Reroute discarded events from throttle transform

[fpytloun]

A note for the community

• Please vote on this issue by adding a 👍 reaction to the original issue to help the community and maintainers prioritize this request
• If you are interested in working on this issue or have submitted a pull request, please leave a comment

Use Cases

I would like to create metric with extra labels from throttled events fields (eg. tag or service) to be able to see what was throttled.

There might be more use-cases, eg. send throttled events to some other backend for further processing.

Attempted Solutions

Using vector_events_discarded_total metric cannot give any detailed info:

There's a key label as documentation states that seemed to be used for this:

Any event passed when the rate limiter is at capacity will be discarded and tracked by an events_discarded_total metric tagged by the bucket’s key.

But it has static value (I think it should be extracted, possibly a bug?):

key="_throttle_key"

Related config:

    [transforms.remap_fluent_throttle_key]
      type = "remap"
      inputs = ["in_fluent"]
      source = '''
      if match(.tag, r'^alert\..*$') ?? false {
        ._throttle_key, err = join([.labels.cluster_name, .labels.alertname], separator: "_")
        if err != null {
          log("Unable to construct throttle key for alert cluster_name=" + to_string!(.labels.cluster_name) + ", alertname="+ to_string!(.labels.alertname) +". Dropping invalid event. " + err, level: "error", rate_limit_secs: 10)
          abort
        }
      } else {
        ._throttle_key, err = join([.cluster_name, .tag], separator: "_")
        if err != null {
          log("Unable to construct throttle key for cluster_name=" + to_string!(.cluster_name) + ", tag="+ to_string!(.tag) +". Dropping invalid event. " + err, level: "error", rate_limit_secs: 10)
          abort
        }
      }
      '''

    [transforms.throttle_fluent]
      type = "throttle"
      inputs = ["remap_fluent_throttle_key"]
      key_field = "_throttle_key"

      # Don't limit apiaccess, useractivity and secevent logs
      exclude.type = "vrl"
      exclude.source = '''!includes(["svcfw.obelixd.apiaccess", "svcfw.obelixd.useractivity", "svcfw.obelixd.secevent"], .tag)'''

      # 150 msg/s per cluster/tag combination
      window_secs = 60
      threshold = 9000

Proposal

Might be done by routing throttled events away and attach additional log_to_metric transform on that events. Basically same feature as dropped option for remap transform.

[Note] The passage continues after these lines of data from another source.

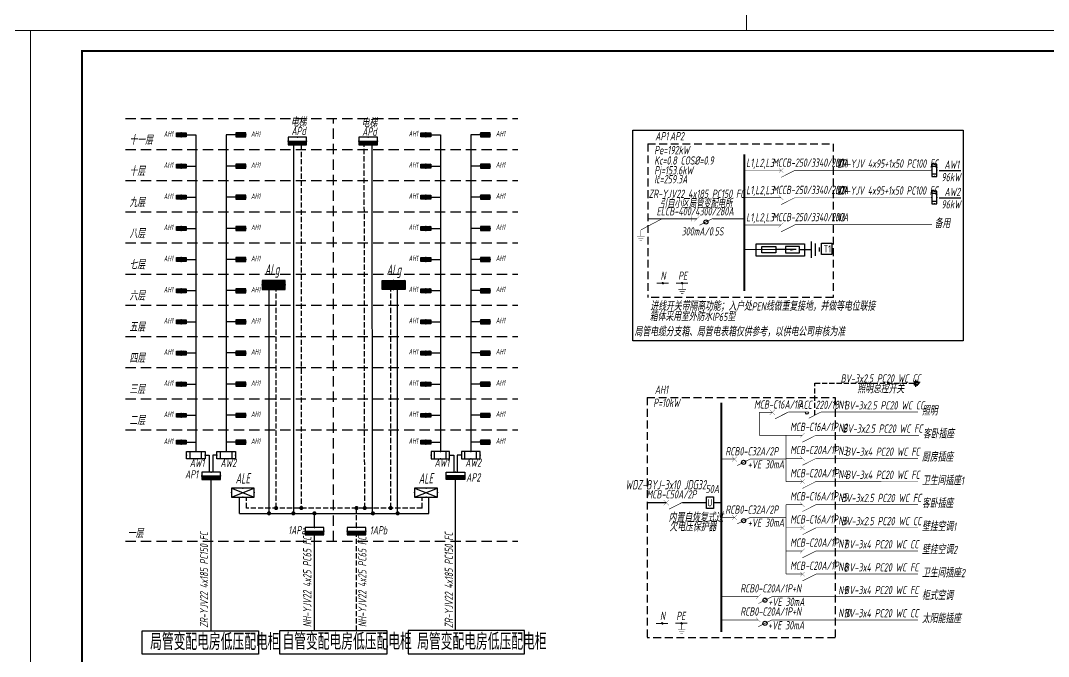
# Model space of a CAD drawing. Extents: x 3774419 to 4775970, y -926964 to 2266.
# Drawn here: x 4523195 to 4573000, y -660195 to -629379 of the extents above; entities that cross this region are included whole.
import ezdxf
from ezdxf.enums import TextEntityAlignment as Align

# ---------------------------------------------------------------- set-up
doc = ezdxf.new("R2010")
doc.units = 0
doc.header["$LTSCALE"] = 1000
doc.header["$MEASUREMENT"] = 0
for name, pattern in [('CONTINOUS', [0]), ('DASH', [0.35, 0.25, -0.1]), ('DASH4', [0.1875, 0.125, -0.0625]), ('DASHED', [0.75, 0.5, -0.25])]:
    doc.linetypes.add(name, pattern=pattern)
doc.layers.get('0').update_dxf_attribs({"linetype": 'CONTINUOUS'})
for name, color, linetype in [('!!电气', 1, 'CONTINUOUS'), ('DIM-照明', 7, 'CONTINUOUS'), ('ELEMENT', 3, 'CONTINUOUS'), ('EQUIP', 3, 'CONTINUOUS'), ('EQUIP-照明', 3, 'CONTINUOUS'), ('EQUIP-箱柜', 3, 'CONTINUOUS'), ('WIRE-照明', 2, 'CONTINUOUS'), ('照明平面文字层', 3, 'CONTINUOUS')]:
    doc.layers.add(name, color=color, linetype=linetype)
doc.layers.add('图框', color=147, linetype='CONTINUOUS', lineweight=20)
doc.styles.add('_TCH_LABEL', font='COMPLEX', dxfattribs={"bigfont": 'GBCBIG'})
doc.styles.add('HZTXT', font='gbeitc.shx', dxfattribs={"width": 0.8, "height": 400, "bigfont": 'hztxt.shx'})
doc.styles.add('SM1', font='realsz.shx', dxfattribs={"width": 0.75, "bigfont": 'realhz.shx'})
doc.styles.get("Standard").update_dxf_attribs({"font": 'gbenor.shx', "bigfont": 'gbcbig.shx'})
doc.styles.add('TSSD_Dimension', font='Tssdeng.shx', dxfattribs={"width": 0.7, "bigfont": 'tssdchn.shx'})

# ---------------------------------------------------------------- blocks, each defined once
blk = doc.blocks.new('1107AA')
at = {"color": 3, "linetype": 'Continuous'}
for points, const_width in [([(0, -7.5), (-3.79, 0)], 0.3), ([(-1.25, 1.25), (1.25, -1.25)], 0.1), ([(1.25, 1.25), (-1.25, -1.25)], 0.1)]:
    blk.add_lwpolyline(points, dxfattribs=dict(at, const_width=const_width))
blk = doc.blocks.new('0114')
at = {"color": 3, "linetype": 'Continuous', "const_width": 0.3}
for points in [[(0, 0), (0, -4.58)], [(-2.75, -4.58), (2.75, -4.58)], [(-1.83, -6.01), (1.83, -6.01)], [(-0.86, -7.5), (0.86, -7.5)]]:
    blk.add_lwpolyline(points, dxfattribs=at)
blk = doc.blocks.new('*X31')
at = {"color": 0}
for p, q in [((197.1, 124.2), (199.7, 126.7)), ((197.2, 123.8), (200.1, 126.7)), ((197.2, 124.6), (199.2, 126.7)), ((197.3, 123.4), (200.4, 126.6)), ((197.3, 125.2), (198.6, 126.5)), ((197.4, 123.1), (200.7, 126.5)), ((197.5, 122.9), (201, 126.3)), ((197.7, 122.6), (201.2, 126.1)), ((197.9, 122.4), (201.4, 125.9)), ((198.1, 122.2), (201.6, 125.7)), ((198.4, 122), (201.8, 125.4)), ((198.7, 121.9), (201.9, 125.2)), ((199, 121.8), (202, 124.8)), ((199.4, 121.7), (202.1, 124.5)), ((199.8, 121.7), (202.1, 124.1)), ((200.3, 121.8), (202, 123.5)), ((201.2, 122.3), (201.6, 122.7))]:
    blk.add_line(p, q, dxfattribs=at)
blk = doc.blocks.new('HC000089')
at = {"color": 4, "linetype": 'Continuous', "const_width": 0.2}
blk.add_lwpolyline([(-1.8, -1.8, 0.198912), (0, -2.5, 0.198912), (1.8, -1.8, 0.198912), (2.5, 0, 0.198912), (1.8, 1.8, 0.198912), (0, 2.5, 0.198912), (-1.8, 1.8, 0.198912), (-2.5, 0, 0.198912)], format="xyb", close=True, dxfattribs=at)
at = {"color": 4}
blk.add_blockref('*X31', (-199.6, -124.2), dxfattribs=at)
blk = doc.blocks.new('A$C7C37685A')
at = {"layer": 'ELEMENT'}
for p, q in [((294, 104), (294, -104)), ((745, 104), (294, 104)), ((641, 0), (294, 0)), ((745, -104), (745, 104)), ((1135, -260), (1135, 260)), ((1264, -195), (1264, 195)), ((1394, -65), (1394, 65)), ((294, -104), (745, -104))]:
    blk.add_line(p, q, dxfattribs=at)
for points in [[(294, 0), (0, 0)], [(745, 0), (1135, 0)]]:
    blk.add_lwpolyline(points, dxfattribs=at)
for points in [[(658, 0), (450, -35), (450, 35), (658, 0)], [(450, 35), (658, 0), (450, -35), (450, 35)], [(450, -35), (450, 35), (658, 0), (450, 35)]]:
    blk.add_solid(points, dxfattribs=at)
blk = doc.blocks.new('A$C64190E90')
at = {"layer": 'DIM-照明', "color": 3}
blk.add_lwpolyline([(0, 104), (450, 104), (450, -104), (0, -104)], close=True, dxfattribs=at)
at = {"layer": 'DIM-照明'}
blk.add_blockref('A$C7C37685A', (466, 0), dxfattribs=at)
blk = doc.blocks.new('A$C5F6A5641')
at = {"layer": 'WIRE-照明', "color": 3}
for p, q in [((0, 0), (2337, 0)), ((0, -611), (0, 0)), ((2337, 0), (2337, -611)), ((2337, -611), (0, -611))]:
    blk.add_line(p, q, dxfattribs=at)
blk = doc.blocks.new('$equip$00001428')
for p, q in [((0.75, 0.6), (-0.75, 0.6)), ((-0.75, 0.6), (-0.75, 0)), ((-0.75, 0), (0.75, 0)), ((-0.469, 0.6), (-0.469, 0)), ((0.469, 0.6), (0.469, 0)), ((0.75, 0), (0.75, 0.6))]:
    blk.add_line(p, q)
for p in [(-0.75, 0.3), (0, 0.6), (0, 0), (0.75, 0.3)]:
    blk.add_point(p)
at = {"style": '_TCH_LABEL', "flags": 9}
blk.add_attdef('A', (0, 0), '', height=0.00002, dxfattribs=at)
blk = doc.blocks.new('A$C2FB505A5')
at = {"color": 3, "linetype": 'Continuous'}
for points, const_width in [([(-125, -125), (125, 125)], 10), ([(-125, 125), (125, -125)], 10), ([(771, 11), (125, -316)], 30)]:
    blk.add_lwpolyline(points, dxfattribs=dict(at, const_width=const_width))
at = {"layer": 'DIM-照明', "color": 3, "linetype": 'Continuous', "const_width": 28.8}
blk.add_lwpolyline([(771, 11), (1064, 11)], dxfattribs=at)
at = {"layer": 'DIM-照明', "color": 3, "linetype": 'Continuous'}
blk.add_circle((438, -157), 100, dxfattribs=at)
blk = doc.blocks.new('*X10')
at = {"color": 0}
for p, q in [((-250, 33), (-183, 100)), ((-250, 68), (-218, 100)), ((-247, 0), (-147, 100)), ((-212, 0), (-112, 100)), ((-177, 0), (-77, 100)), ((-141, 0), (-41, 100)), ((-106, 0), (-6, 100)), ((-71, 0), (29, 100)), ((-35, 0), (65, 100)), ((0, 0), (100, 100)), ((35, 0), (135, 100)), ((71, 0), (171, 100)), ((106, 0), (206, 100)), ((141, 0), (241, 100)), ((177, 0), (250, 73)), ((212, 0), (250, 38)), ((247, 0), (250, 3))]:
    blk.add_line(p, q, dxfattribs=at)
blk = doc.blocks.new('$equip$00001414')
for p, q in [((0.75, 0.6), (-0.75, 0.6)), ((-0.75, 0.6), (-0.75, 0)), ((-0.75, 0.3), (0.75, 0.3)), ((-0.75, 0), (0.75, 0)), ((0.75, 0), (0.75, 0.6))]:
    blk.add_line(p, q)
at = {"const_width": 0.3}
blk.add_lwpolyline([(-0.75, 0.15), (0.75, 0.15)], dxfattribs=at)
for p in [(-0.75, 0.3), (0, 0.6), (0, 0), (0.75, 0.3)]:
    blk.add_point(p)
at = {"xscale": 0.00300000000061118, "yscale": 0.00300000000061118, "zscale": 0.00300000000061118}
blk.add_blockref('*X10', (0, 0), dxfattribs=at)
at = {"style": '_TCH_LABEL', "flags": 9}
blk.add_attdef('A', (0, 0), '', height=0.00002, dxfattribs=at)
blk = doc.blocks.new('*X8')
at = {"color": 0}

events that result in runtime errors or aborts will be dropped from the default output stream and sent to the dropped output instead. For a transform component named foo, this output can be accessed by specifying foo.dropped as the input to another component.

References

No response

Version

No response

[spencergilbert]

Responded in Discord as well - but we may be passing just the name of the key, rather than the contained value from that key (which is what should be bucketed).

[jszwedko]

Responded in Discord as well - but we may be passing just the name of the key, rather than the contained value from that key (which is what should be bucketed).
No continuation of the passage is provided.